Exercise details: Please tally how many lines in the entries below include the word "column", giving only the number.

Data listing:
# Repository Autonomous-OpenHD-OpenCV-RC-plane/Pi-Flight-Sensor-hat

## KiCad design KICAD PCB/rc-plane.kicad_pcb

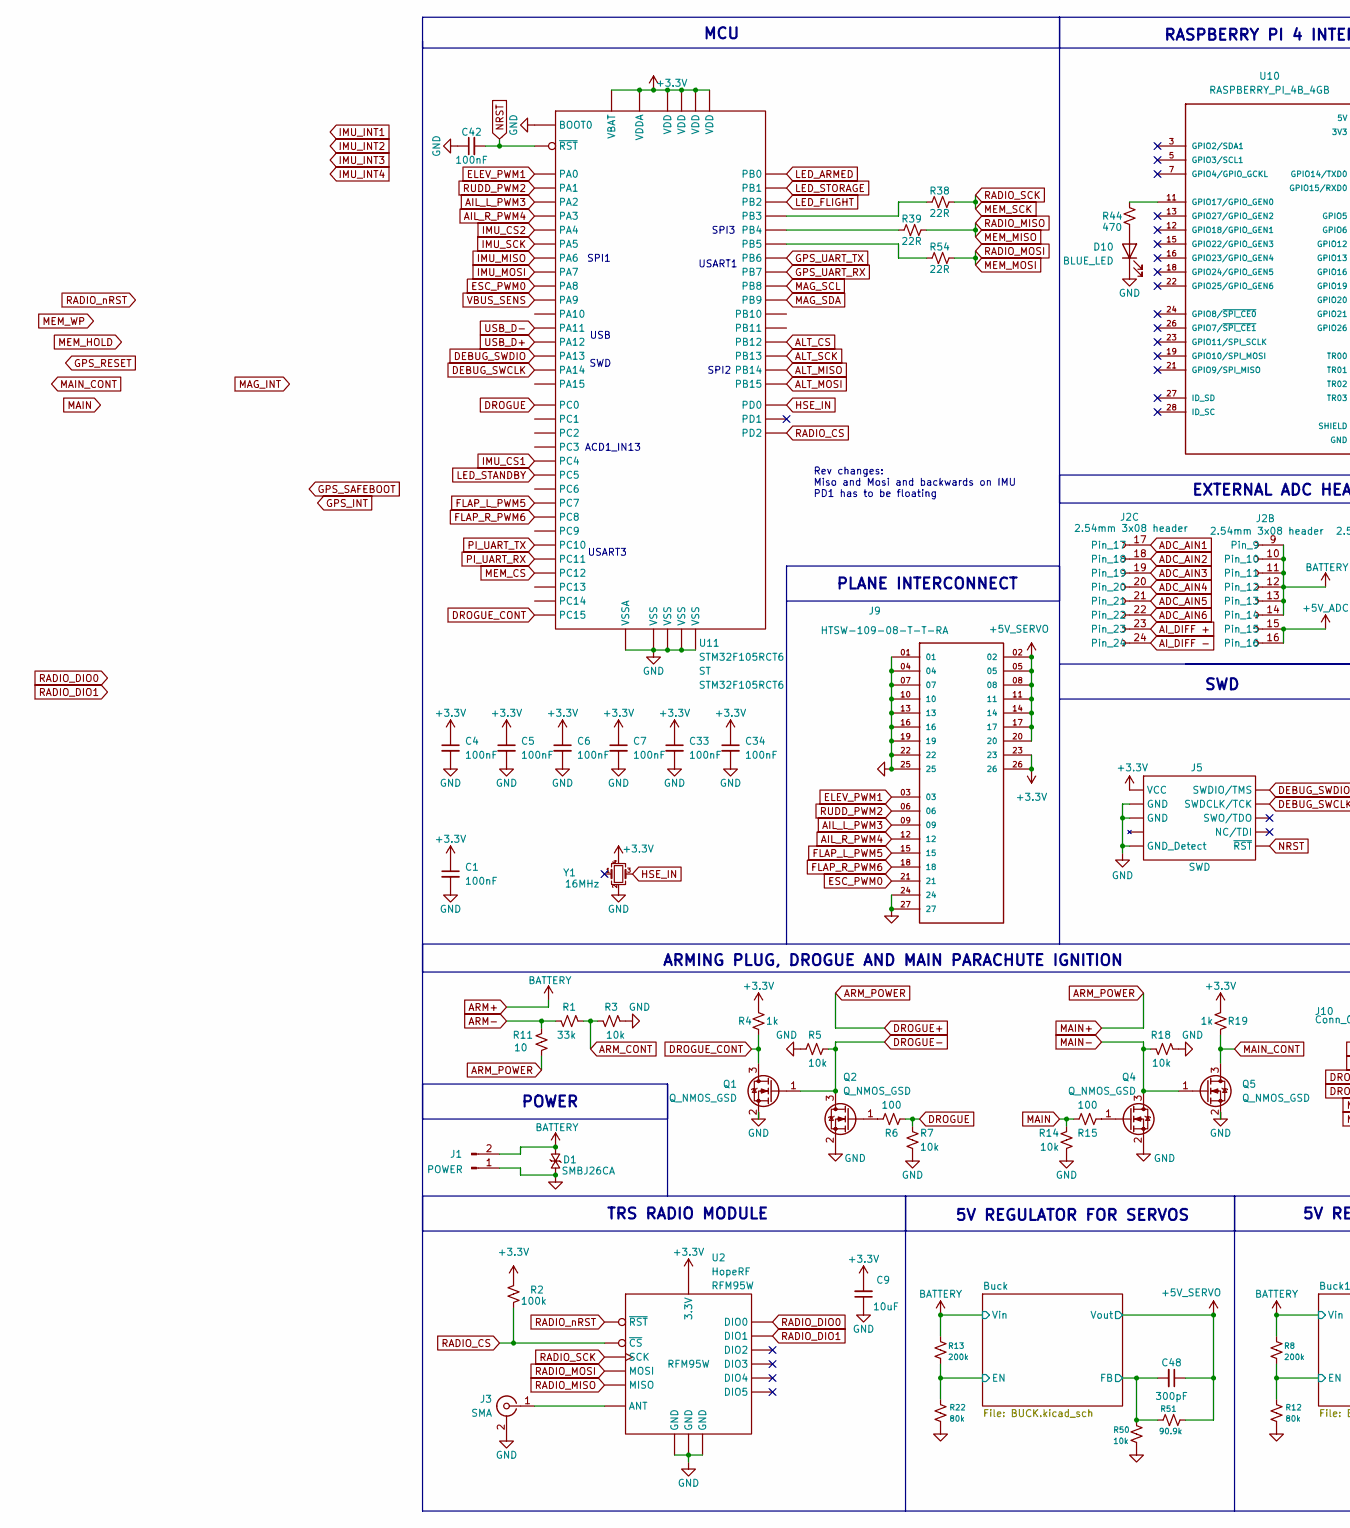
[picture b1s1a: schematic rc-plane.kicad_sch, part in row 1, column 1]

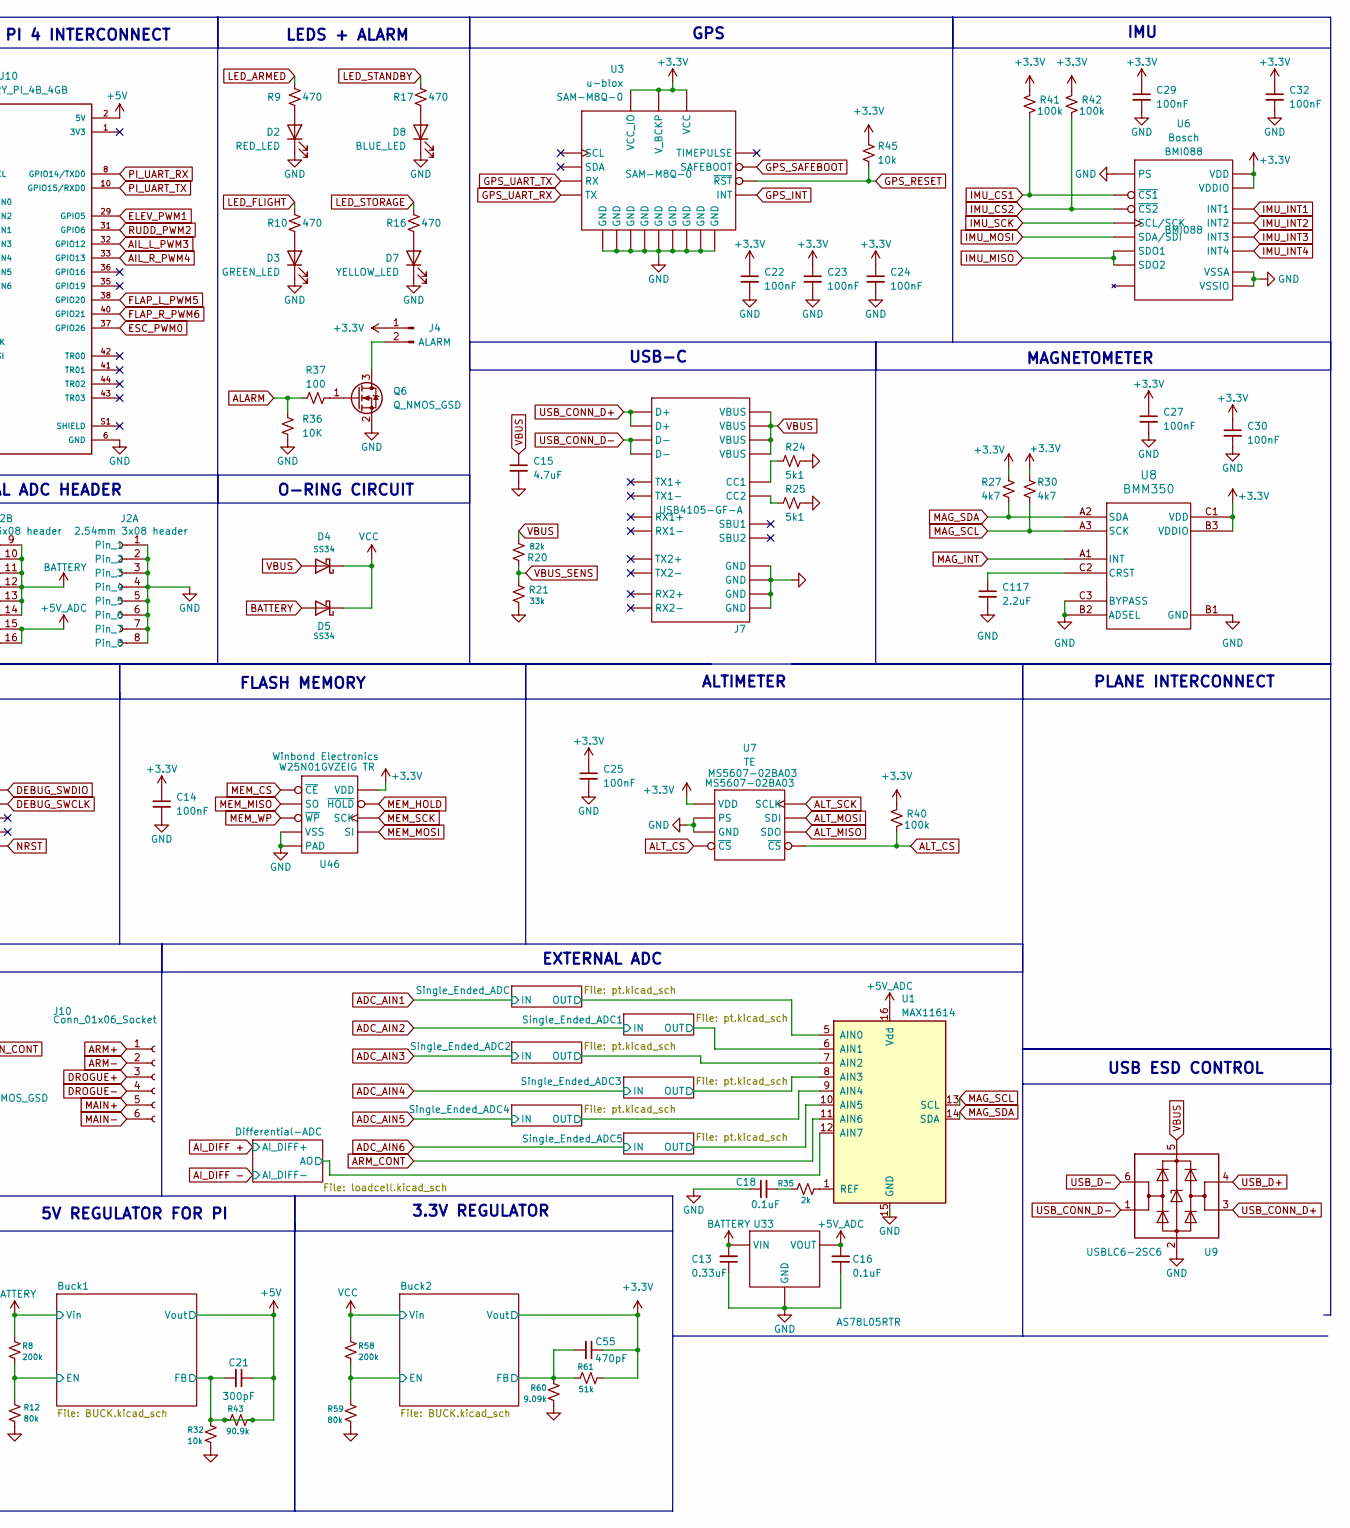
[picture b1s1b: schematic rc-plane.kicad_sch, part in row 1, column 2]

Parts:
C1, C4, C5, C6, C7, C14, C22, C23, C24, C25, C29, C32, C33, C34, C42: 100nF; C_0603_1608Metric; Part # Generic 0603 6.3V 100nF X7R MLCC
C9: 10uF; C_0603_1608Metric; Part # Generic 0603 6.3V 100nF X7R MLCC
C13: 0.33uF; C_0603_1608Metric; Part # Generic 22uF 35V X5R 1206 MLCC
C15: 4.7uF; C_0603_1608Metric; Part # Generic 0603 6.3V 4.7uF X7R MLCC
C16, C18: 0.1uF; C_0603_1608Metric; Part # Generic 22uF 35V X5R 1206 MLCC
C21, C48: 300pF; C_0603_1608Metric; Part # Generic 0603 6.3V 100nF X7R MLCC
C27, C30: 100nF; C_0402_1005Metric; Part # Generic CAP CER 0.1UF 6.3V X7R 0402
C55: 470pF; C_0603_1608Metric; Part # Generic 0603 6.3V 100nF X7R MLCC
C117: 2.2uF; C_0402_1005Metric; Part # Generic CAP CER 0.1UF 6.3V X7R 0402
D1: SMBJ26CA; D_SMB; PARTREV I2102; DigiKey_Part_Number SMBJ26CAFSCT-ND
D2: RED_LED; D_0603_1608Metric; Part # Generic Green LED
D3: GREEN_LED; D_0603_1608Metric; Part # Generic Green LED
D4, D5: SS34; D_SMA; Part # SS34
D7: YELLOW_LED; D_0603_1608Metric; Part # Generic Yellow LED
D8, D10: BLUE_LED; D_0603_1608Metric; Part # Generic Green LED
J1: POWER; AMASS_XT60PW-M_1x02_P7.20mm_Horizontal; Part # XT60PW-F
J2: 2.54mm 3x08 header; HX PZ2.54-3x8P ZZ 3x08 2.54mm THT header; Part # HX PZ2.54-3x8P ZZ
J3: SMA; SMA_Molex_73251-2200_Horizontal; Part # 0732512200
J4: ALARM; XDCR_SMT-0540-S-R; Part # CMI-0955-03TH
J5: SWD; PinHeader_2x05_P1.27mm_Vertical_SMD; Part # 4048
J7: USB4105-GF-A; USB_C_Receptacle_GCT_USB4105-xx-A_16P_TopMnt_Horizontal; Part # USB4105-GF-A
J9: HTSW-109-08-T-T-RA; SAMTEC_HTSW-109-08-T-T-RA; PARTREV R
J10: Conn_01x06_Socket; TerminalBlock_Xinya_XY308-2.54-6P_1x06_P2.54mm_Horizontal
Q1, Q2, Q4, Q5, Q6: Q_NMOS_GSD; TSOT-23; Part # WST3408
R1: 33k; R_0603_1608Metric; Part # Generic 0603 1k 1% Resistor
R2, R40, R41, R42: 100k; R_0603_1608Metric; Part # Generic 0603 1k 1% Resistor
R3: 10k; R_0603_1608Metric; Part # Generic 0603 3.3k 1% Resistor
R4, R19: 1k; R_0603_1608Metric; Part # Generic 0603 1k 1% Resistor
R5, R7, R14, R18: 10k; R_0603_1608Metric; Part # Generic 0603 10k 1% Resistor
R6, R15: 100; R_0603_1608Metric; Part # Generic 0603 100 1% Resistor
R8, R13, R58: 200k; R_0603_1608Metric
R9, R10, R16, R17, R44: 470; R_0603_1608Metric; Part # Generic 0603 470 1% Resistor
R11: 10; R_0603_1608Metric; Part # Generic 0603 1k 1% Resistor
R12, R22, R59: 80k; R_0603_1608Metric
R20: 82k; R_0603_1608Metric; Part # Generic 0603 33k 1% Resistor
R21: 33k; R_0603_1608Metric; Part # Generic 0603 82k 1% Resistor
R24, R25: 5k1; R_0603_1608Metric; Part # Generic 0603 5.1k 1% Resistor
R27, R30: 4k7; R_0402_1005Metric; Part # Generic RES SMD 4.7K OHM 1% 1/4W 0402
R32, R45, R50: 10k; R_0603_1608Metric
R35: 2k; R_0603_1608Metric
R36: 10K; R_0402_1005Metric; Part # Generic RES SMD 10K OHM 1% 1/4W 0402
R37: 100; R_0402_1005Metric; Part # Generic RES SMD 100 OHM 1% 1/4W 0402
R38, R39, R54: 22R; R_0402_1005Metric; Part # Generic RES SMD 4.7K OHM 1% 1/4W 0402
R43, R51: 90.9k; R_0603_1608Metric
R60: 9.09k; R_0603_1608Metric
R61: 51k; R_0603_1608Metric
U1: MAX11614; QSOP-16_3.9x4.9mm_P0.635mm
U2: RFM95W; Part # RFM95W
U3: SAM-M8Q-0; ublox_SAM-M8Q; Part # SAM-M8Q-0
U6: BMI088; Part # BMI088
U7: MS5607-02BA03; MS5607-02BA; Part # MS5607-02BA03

Solution to the problem: 2